During World War II a military hospital used the building again, and in 1944 it was hit by a bomb. The school could move back only in 1945, but in 1949 it had to move out again, because the Ministry gave the building to the newly formed Technical University (the predecessor of today's University of Miskolc.) In 1952 the university moved to the newly built district, University Town, and the secondary school – which took the name of Ferenc Földes in 1950 – got its building back.

In 1953 the two schools were united. The school bears the name of Földes ever since then, except for a short period during the Revolution in 1956, when it bore the name of István Széchenyi. Since the end of the Socialist era (1989) there have been debates about changing the school's name, mostly because Földes was a Communist.

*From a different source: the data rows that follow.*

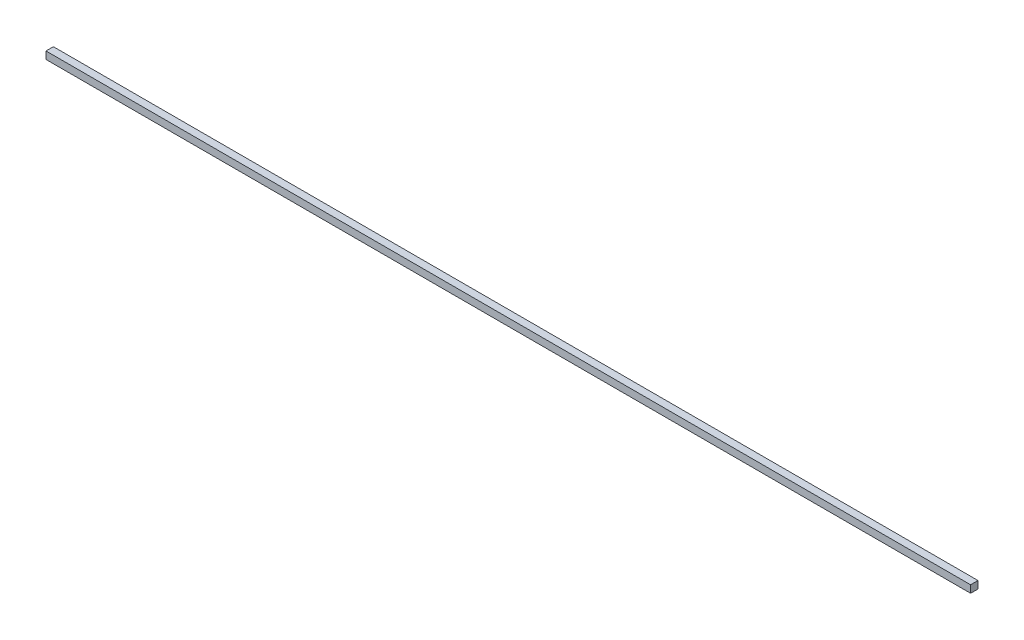
SolidWorks part; units mm, degrees
ref_plane "Front Plane" through (0, 0, 0) normal (0, 0, 1) x (1, 0, 0)
ref_plane "Top Plane" through (0, 0, 0) normal (0, 1, 0) x (1, 0, 0)
ref_plane "Right Plane" through (0, 0, 0) normal (1, 0, 0) x (0, 0, -1)
sketch "Sketch1" plane through (0, 0, 0) normal (0, 1, 0) x (1, 0, 0)
  line L0 (-625, 5) -> (625, -5) construction
  line L1 (-625, 5) -> (625, 5)
  line L2 (-625, 5) -> (-625, -5)
  line L3 (-625, -5) -> (625, -5)
  line L4 (625, 5) -> (625, -5)
  dimension "D1" = 1250
  dimension "D2" = 10
extrude "Boss-Extrude1" add sketch "Sketch1" along normal blind 10
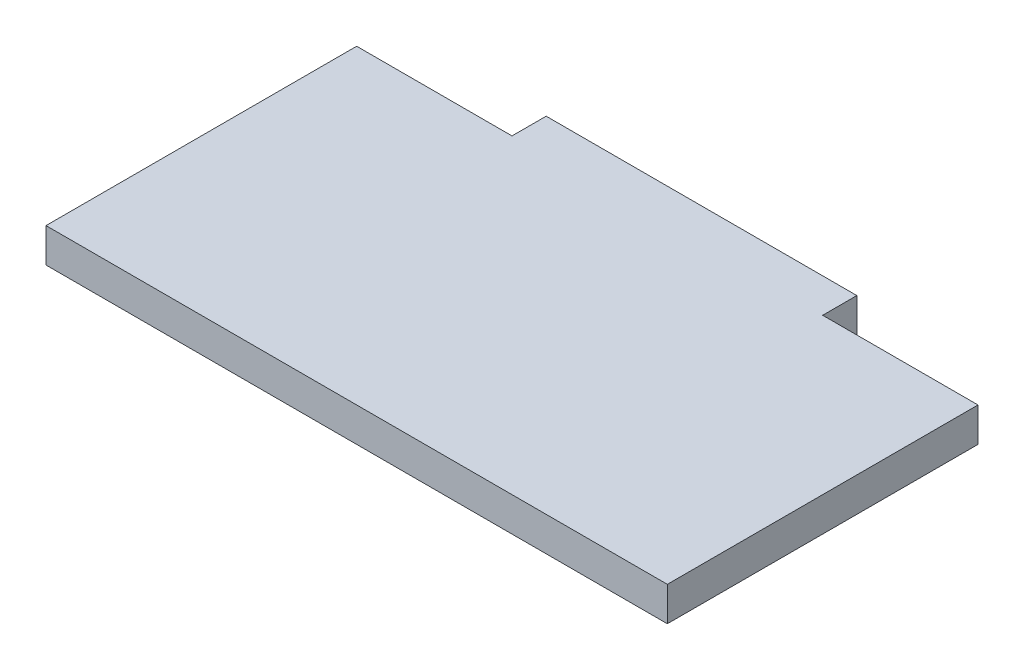
SolidWorks part; units mm, degrees
ref_plane "Front Plane" through (0, 0, 0) normal (0, 0, 1) x (1, 0, 0)
ref_plane "Top Plane" through (0, 0, 0) normal (0, 1, 0) x (1, 0, 0)
ref_plane "Right Plane" through (0, 0, 0) normal (1, 0, 0) x (0, 0, -1)
sketch "Sketch1" plane through (0, 0, 0) normal (0, 1, 0) x (1, 0, 0)
  line L0 (38.1, 25.4) -> (50.8, 25.4)
  line L1 (0, 0) -> (50.8, 0)
  line L2 (0, 0) -> (0, 25.4)
  line L3 (0, 25.4) -> (12.7, 25.4)
  line L4 (50.8, 0) -> (50.8, 25.4)
  line L5 (12.7, 28.194) -> (38.1, 28.194)
  line L6 (12.7, 28.194) -> (12.7, 25.4)
  line L8 (38.1, 28.194) -> (38.1, 25.4)
  dimension "D1" = 25.4
  dimension "D2" = 50.8
  dimension "D3" = 2.794
  dimension "D4" = 25.4
  dimension "D5" = 12.7
extrude "Boss-Extrude1" add sketch "Sketch1" along normal blind 2.794
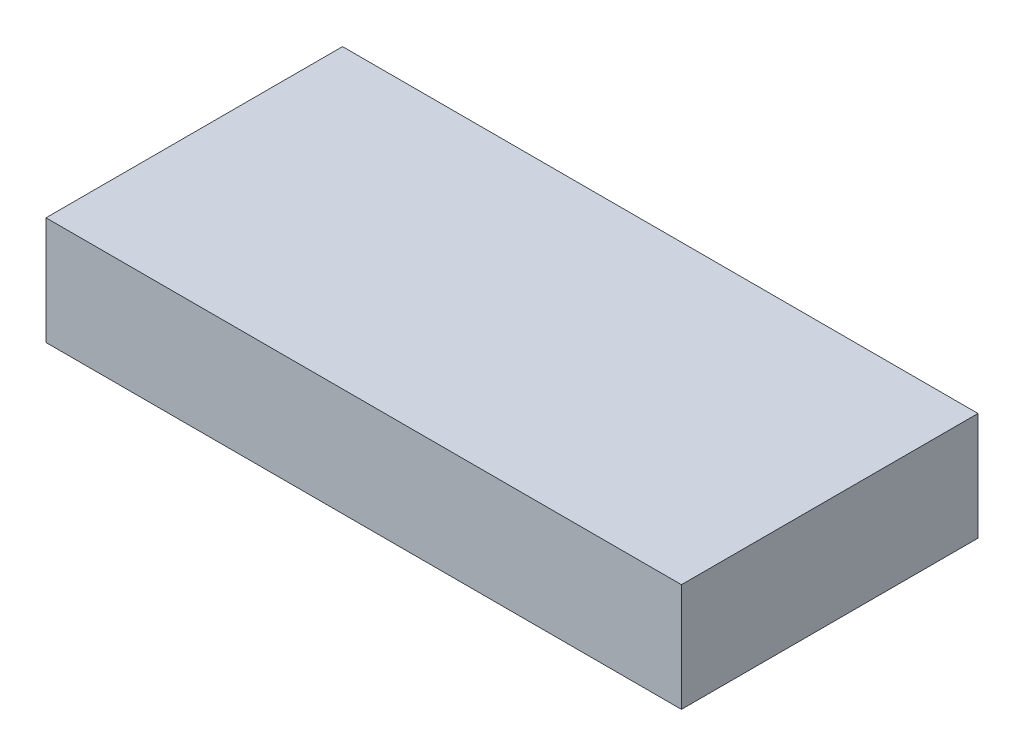
SolidWorks part; units mm, degrees
ref_plane "前视基准面" through (0, 0, 0) normal (0, 0, 1) x (1, 0, 0)
ref_plane "上视基准面" through (0, 0, 0) normal (0, 1, 0) x (1, 0, 0)
ref_plane "右视基准面" through (0, 0, 0) normal (1, 0, 0) x (0, 0, -1)
other "Configuration Table"
sketch "草图2" plane through (0, 0, 0) normal (0, 1, 0) x (1, 0, 0)
  line L1 (-19.7193, 9.193) -> (40.2807, 9.193)
  line L2 (-19.7193, 9.193) -> (-19.7193, -18.807)
  line L3 (-19.7193, -18.807) -> (40.2807, -18.807)
  line L4 (40.2807, 9.193) -> (40.2807, -18.807)
  dimension "D1" = 60
  dimension "D2" = 28
extrude "凸台-拉伸1" add sketch "草图2" along normal blind 10.2
sketch "草图3" plane through (0, 0, 0) normal (0, -1, 0) x (1, 0, 0)
  line L0 (-21.8822, 4.807) -> (-8.6441, 4.807) construction
  line L2 (40.2807, 18.807) -> (40.2807, -9.193) construction
  circle A0 centre (21.2807, 4.807) radius 7
  dimension "D1" = 14
  dimension "D2" = 19
extrude "凸台-拉伸2" add sketch "草图3" along normal blind 2.4

In 1991 the Földes Secondary School was the first secondary school of the city to start six-year courses. (In the past decades Hungarian children spent 8 years in primary school, which was followed by 4 years in secondary school. In the 1990s several secondary schools started six-year courses, where students could apply after they've spent six years in primary school, and eight-year courses, where they could apply after 4 years in primary school – see Education in Hungary for further details. Currently, Földes Secondary School does not plan to start eight-year courses.)

In the early 2000s, the school received government funding and was able to expand the building. This solved the problem of insufficient space in the building, which previously compounded by the introduction of six-year courses and dividing students into smaller groups for foreign language classes. The new wing has a new gym, larger and more modern than the three gyms in the old part of the building, and a larger library. Construction was finished in 2003.

Among the traditions of the school are the Földes Ball and the "Day of Culture" when students perform plays and music.